┏━━

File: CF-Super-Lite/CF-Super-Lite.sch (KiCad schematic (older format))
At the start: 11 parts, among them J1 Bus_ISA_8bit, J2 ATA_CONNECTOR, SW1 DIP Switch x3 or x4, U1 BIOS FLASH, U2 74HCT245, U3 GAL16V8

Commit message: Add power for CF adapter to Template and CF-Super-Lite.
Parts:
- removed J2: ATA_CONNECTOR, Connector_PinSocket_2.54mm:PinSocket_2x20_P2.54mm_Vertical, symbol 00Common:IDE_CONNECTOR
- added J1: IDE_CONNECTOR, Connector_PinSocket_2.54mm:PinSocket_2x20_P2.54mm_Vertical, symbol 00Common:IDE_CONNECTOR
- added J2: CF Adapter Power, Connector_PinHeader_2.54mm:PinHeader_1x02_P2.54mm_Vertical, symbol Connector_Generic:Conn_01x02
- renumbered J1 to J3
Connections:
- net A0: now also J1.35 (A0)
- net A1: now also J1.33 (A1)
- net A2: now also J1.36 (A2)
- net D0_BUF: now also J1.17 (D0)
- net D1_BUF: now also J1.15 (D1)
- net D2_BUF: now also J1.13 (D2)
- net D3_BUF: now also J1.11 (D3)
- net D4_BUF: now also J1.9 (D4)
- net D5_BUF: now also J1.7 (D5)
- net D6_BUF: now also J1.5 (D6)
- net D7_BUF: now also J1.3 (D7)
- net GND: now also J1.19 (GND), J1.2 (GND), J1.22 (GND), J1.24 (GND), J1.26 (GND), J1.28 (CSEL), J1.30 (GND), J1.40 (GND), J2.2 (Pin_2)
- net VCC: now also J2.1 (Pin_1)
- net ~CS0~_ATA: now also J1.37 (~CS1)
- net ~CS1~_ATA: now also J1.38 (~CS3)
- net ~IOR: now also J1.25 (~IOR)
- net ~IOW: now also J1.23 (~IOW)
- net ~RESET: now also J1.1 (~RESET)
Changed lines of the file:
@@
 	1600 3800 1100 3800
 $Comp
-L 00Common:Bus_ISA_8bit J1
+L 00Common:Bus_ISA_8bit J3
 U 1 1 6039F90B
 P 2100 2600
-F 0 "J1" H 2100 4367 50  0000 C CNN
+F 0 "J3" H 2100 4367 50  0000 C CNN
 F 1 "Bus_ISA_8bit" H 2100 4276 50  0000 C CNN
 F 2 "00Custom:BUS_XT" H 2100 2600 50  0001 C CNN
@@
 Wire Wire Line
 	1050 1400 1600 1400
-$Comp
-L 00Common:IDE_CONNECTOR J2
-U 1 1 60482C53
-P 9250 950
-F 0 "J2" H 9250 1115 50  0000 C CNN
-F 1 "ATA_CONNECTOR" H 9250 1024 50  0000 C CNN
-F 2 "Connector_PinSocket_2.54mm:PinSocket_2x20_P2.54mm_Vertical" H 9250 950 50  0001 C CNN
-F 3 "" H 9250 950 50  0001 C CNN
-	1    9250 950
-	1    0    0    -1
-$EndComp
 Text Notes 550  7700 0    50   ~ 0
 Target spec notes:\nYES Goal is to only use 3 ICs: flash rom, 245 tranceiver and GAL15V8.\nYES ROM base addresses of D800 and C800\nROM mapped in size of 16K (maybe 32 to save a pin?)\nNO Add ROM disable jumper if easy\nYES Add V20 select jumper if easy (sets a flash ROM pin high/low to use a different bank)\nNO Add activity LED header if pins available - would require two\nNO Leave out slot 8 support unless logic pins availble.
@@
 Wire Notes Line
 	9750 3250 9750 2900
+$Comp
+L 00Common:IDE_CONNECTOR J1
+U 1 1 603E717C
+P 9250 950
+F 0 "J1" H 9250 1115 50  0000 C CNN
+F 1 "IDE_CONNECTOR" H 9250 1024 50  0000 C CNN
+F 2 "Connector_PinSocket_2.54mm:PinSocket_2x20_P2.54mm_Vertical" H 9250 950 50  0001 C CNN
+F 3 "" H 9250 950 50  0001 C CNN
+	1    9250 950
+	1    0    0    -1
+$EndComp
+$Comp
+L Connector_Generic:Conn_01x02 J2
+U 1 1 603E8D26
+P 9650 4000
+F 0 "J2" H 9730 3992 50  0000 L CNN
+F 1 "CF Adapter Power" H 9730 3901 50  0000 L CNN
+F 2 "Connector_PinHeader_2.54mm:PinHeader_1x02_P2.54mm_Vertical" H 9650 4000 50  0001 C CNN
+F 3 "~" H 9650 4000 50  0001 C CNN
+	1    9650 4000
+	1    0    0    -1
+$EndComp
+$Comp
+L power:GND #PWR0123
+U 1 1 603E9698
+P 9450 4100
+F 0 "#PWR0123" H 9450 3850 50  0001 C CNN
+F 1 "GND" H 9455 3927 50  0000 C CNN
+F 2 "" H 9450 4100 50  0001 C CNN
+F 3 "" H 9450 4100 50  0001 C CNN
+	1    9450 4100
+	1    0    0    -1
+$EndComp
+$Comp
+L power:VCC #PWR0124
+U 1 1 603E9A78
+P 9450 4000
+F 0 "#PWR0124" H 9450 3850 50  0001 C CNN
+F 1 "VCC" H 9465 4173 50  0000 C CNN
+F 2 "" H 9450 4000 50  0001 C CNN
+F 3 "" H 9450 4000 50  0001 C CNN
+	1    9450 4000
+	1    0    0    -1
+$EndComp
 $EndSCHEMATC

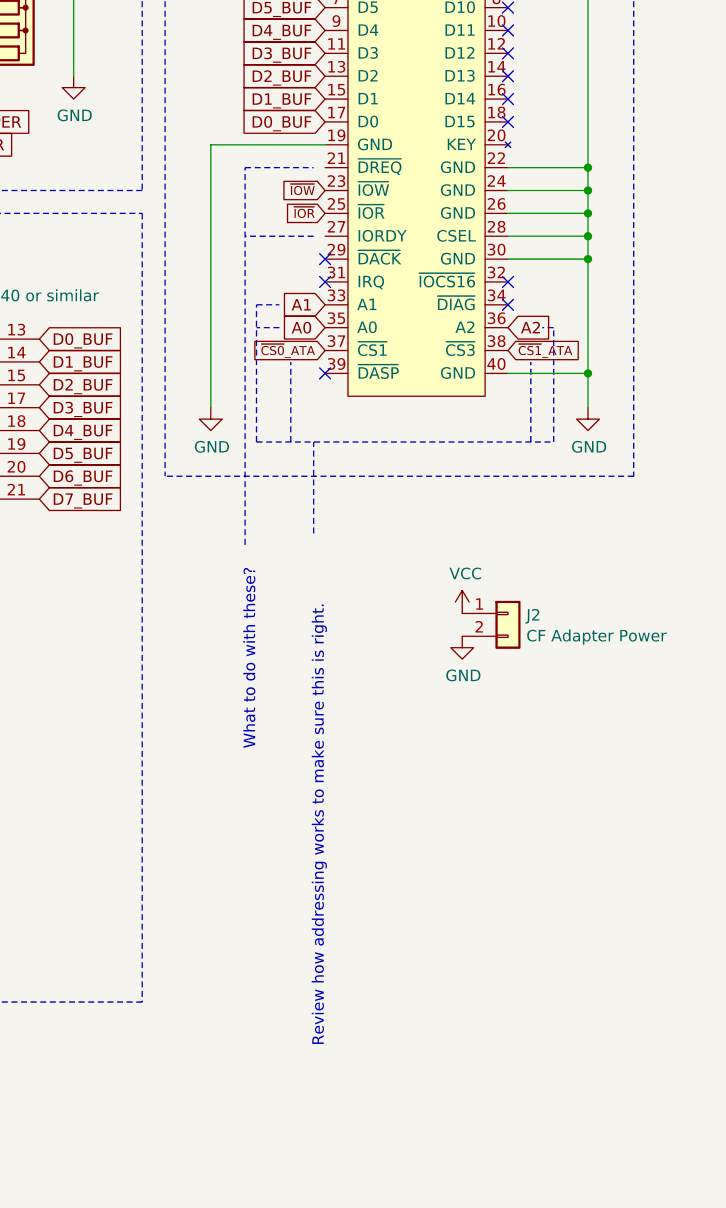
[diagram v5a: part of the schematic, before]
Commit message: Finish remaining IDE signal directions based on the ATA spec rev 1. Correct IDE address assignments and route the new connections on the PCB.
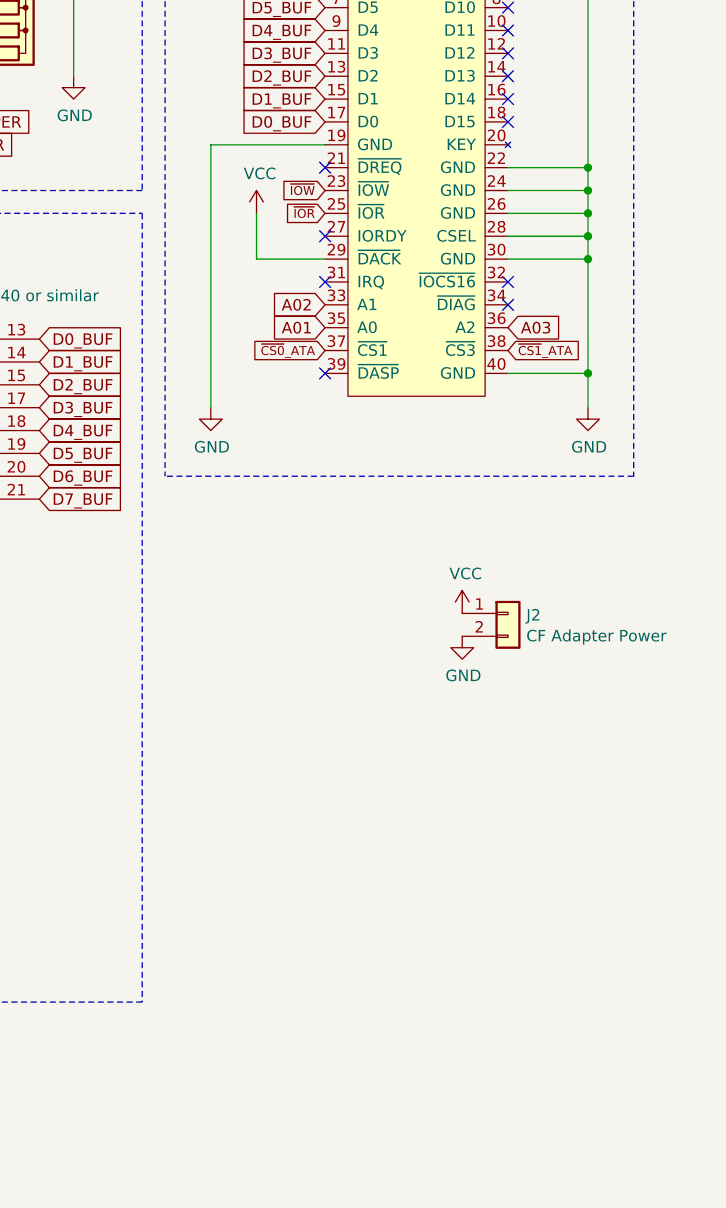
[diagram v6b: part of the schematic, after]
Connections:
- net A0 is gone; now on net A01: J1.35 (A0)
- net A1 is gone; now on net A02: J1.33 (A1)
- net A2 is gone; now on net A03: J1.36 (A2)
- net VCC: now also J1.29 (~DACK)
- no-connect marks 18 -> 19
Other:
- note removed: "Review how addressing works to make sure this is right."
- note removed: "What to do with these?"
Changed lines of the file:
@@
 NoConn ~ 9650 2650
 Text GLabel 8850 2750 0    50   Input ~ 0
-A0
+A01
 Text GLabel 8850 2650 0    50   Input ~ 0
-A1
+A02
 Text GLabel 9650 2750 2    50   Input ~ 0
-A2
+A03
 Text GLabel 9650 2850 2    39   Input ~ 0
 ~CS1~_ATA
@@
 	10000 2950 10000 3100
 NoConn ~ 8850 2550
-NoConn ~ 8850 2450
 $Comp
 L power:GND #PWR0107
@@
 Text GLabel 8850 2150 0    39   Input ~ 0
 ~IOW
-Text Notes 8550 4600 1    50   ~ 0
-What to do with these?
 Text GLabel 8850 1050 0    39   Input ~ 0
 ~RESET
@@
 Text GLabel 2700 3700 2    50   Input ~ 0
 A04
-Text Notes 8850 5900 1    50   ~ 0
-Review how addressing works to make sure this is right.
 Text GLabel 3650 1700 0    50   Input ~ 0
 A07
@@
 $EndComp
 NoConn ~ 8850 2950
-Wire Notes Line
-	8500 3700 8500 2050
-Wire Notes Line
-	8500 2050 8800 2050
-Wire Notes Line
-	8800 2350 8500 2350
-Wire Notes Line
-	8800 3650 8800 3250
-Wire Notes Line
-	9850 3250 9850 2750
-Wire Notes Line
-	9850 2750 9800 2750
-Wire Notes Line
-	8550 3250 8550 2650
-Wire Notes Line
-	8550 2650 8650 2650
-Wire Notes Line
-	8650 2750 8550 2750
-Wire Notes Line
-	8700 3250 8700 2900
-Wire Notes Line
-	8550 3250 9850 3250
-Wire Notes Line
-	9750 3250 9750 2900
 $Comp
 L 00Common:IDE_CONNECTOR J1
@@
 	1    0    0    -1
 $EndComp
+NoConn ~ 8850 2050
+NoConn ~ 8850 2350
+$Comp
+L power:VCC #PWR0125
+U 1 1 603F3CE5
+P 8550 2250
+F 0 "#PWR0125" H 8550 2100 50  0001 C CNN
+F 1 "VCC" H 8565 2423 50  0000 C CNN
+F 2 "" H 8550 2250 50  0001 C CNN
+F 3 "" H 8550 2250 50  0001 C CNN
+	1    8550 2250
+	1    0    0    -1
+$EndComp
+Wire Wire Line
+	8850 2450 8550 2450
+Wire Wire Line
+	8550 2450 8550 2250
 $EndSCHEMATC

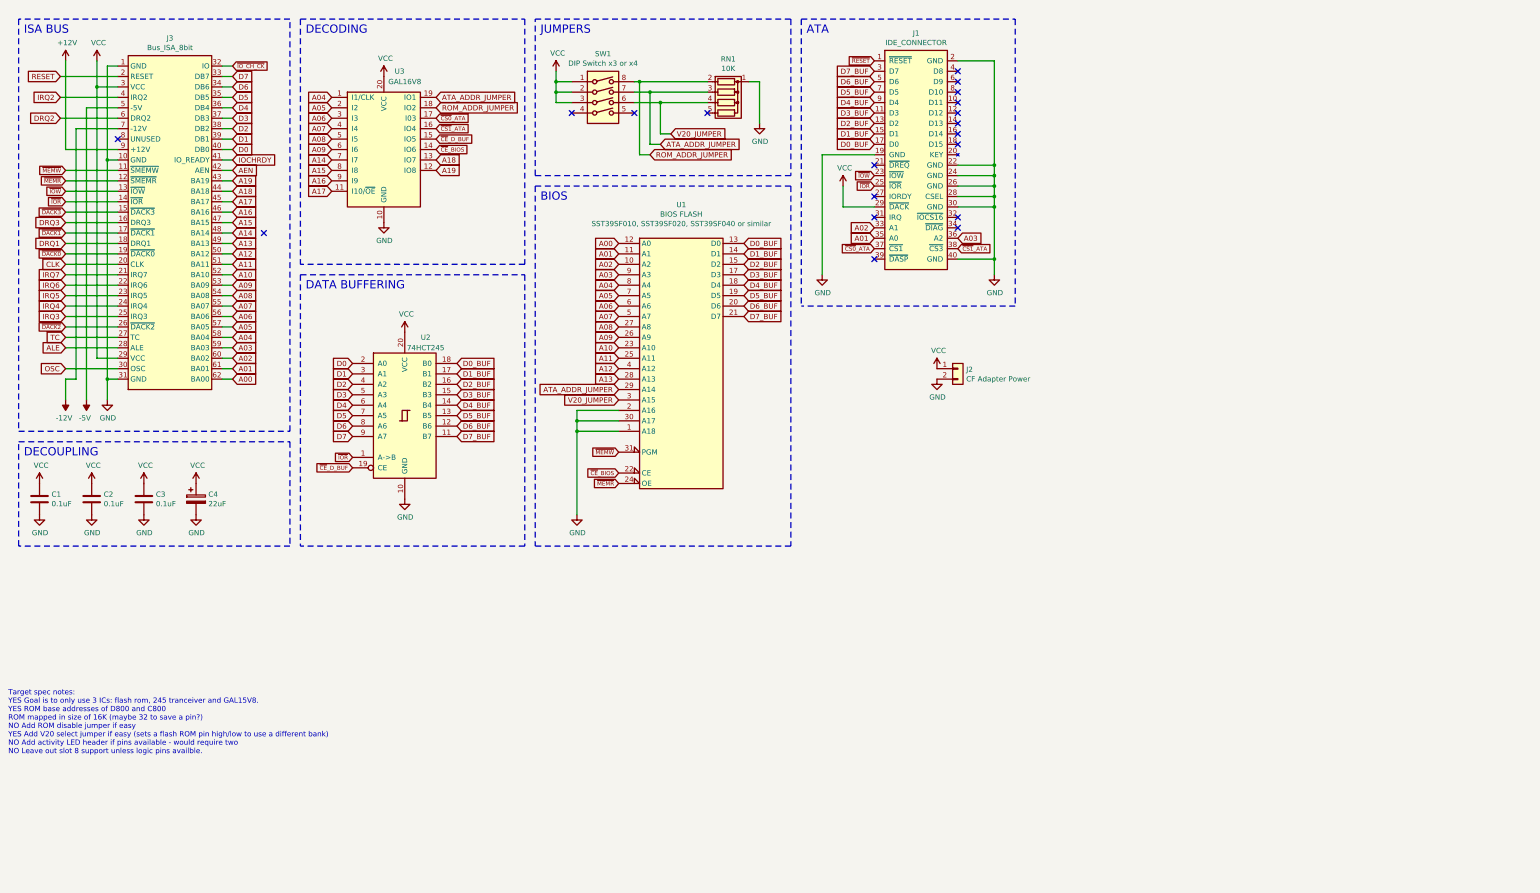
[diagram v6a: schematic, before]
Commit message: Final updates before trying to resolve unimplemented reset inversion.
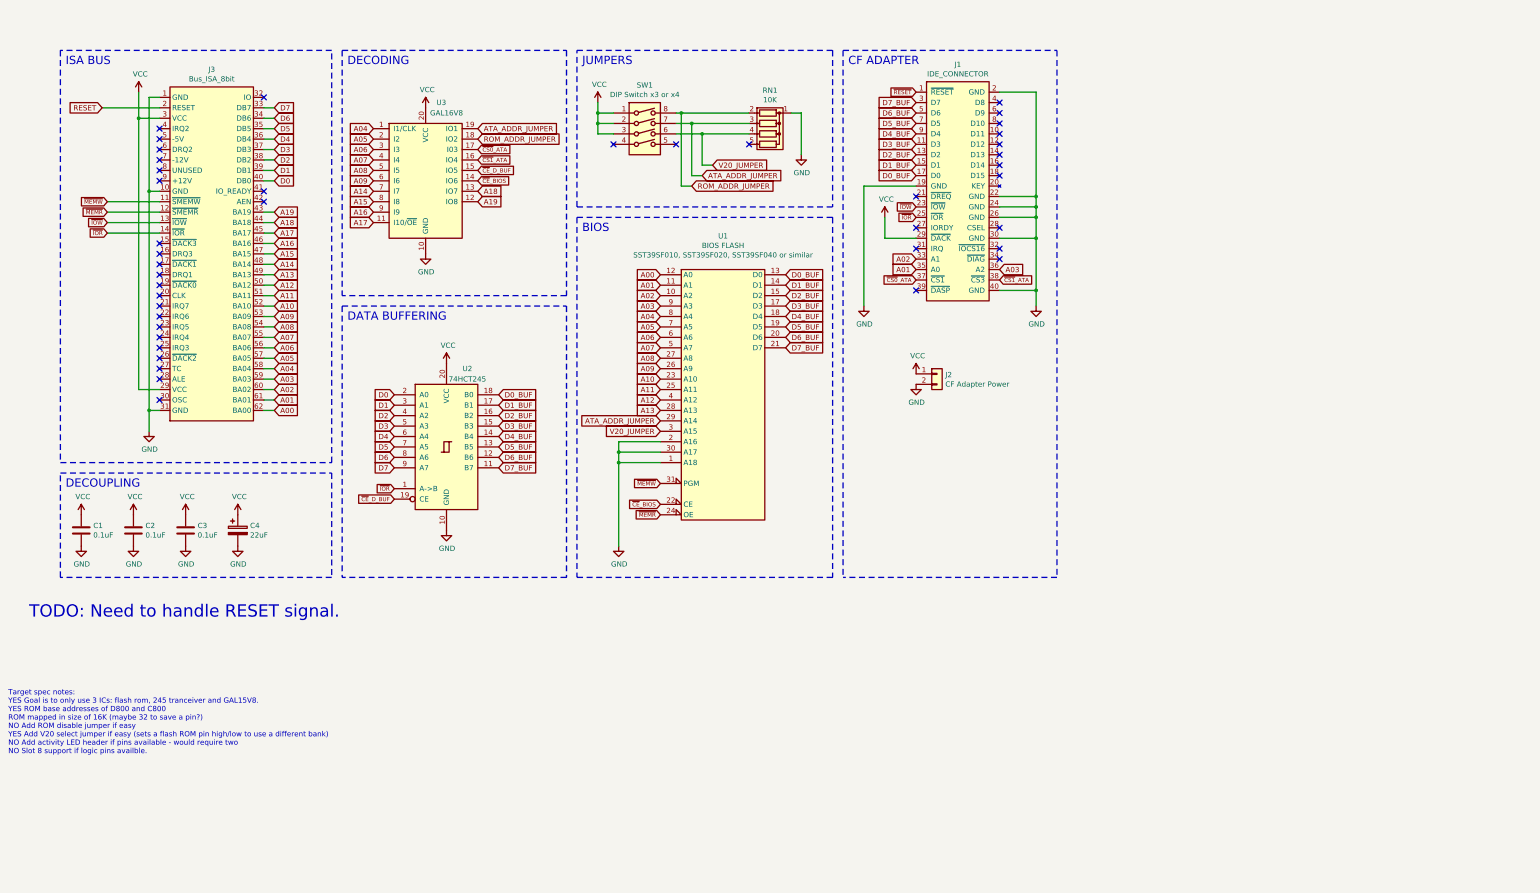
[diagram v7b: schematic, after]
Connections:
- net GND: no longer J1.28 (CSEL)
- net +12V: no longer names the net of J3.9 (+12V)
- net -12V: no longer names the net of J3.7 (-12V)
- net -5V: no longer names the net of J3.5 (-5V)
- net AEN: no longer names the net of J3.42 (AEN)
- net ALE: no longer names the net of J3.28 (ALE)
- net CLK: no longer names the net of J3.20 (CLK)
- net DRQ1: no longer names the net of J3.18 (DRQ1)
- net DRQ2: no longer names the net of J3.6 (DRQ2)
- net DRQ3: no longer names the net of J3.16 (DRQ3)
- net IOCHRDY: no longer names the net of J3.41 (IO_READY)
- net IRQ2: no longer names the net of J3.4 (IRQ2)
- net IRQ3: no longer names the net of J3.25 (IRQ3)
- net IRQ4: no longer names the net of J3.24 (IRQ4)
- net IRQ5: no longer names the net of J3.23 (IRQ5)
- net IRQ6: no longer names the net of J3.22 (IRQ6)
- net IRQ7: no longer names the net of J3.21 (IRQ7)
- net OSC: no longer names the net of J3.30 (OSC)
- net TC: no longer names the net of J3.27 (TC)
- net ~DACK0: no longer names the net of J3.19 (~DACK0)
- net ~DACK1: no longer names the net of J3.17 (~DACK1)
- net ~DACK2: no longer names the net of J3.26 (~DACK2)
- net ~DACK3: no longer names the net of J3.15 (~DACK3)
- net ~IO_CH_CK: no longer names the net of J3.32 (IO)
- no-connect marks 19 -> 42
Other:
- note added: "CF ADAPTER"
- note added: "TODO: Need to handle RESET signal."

┗━━

### WORK TO COMPLETE
The lines to copy run from the first line of the entries to the line containing "At the start: 11"; copy them exactly and output nothing else.

### FINAL ANSWER
File: CF-Super-Lite/CF-Super-Lite.sch (KiCad schematic (older format))
At the start: 11 parts, among them J1 Bus_ISA_8bit, J2 ATA_CONNECTOR, SW1 DIP Switch x3 or x4, U1 BIOS FLASH, U2 74HCT245, U3 GAL16V8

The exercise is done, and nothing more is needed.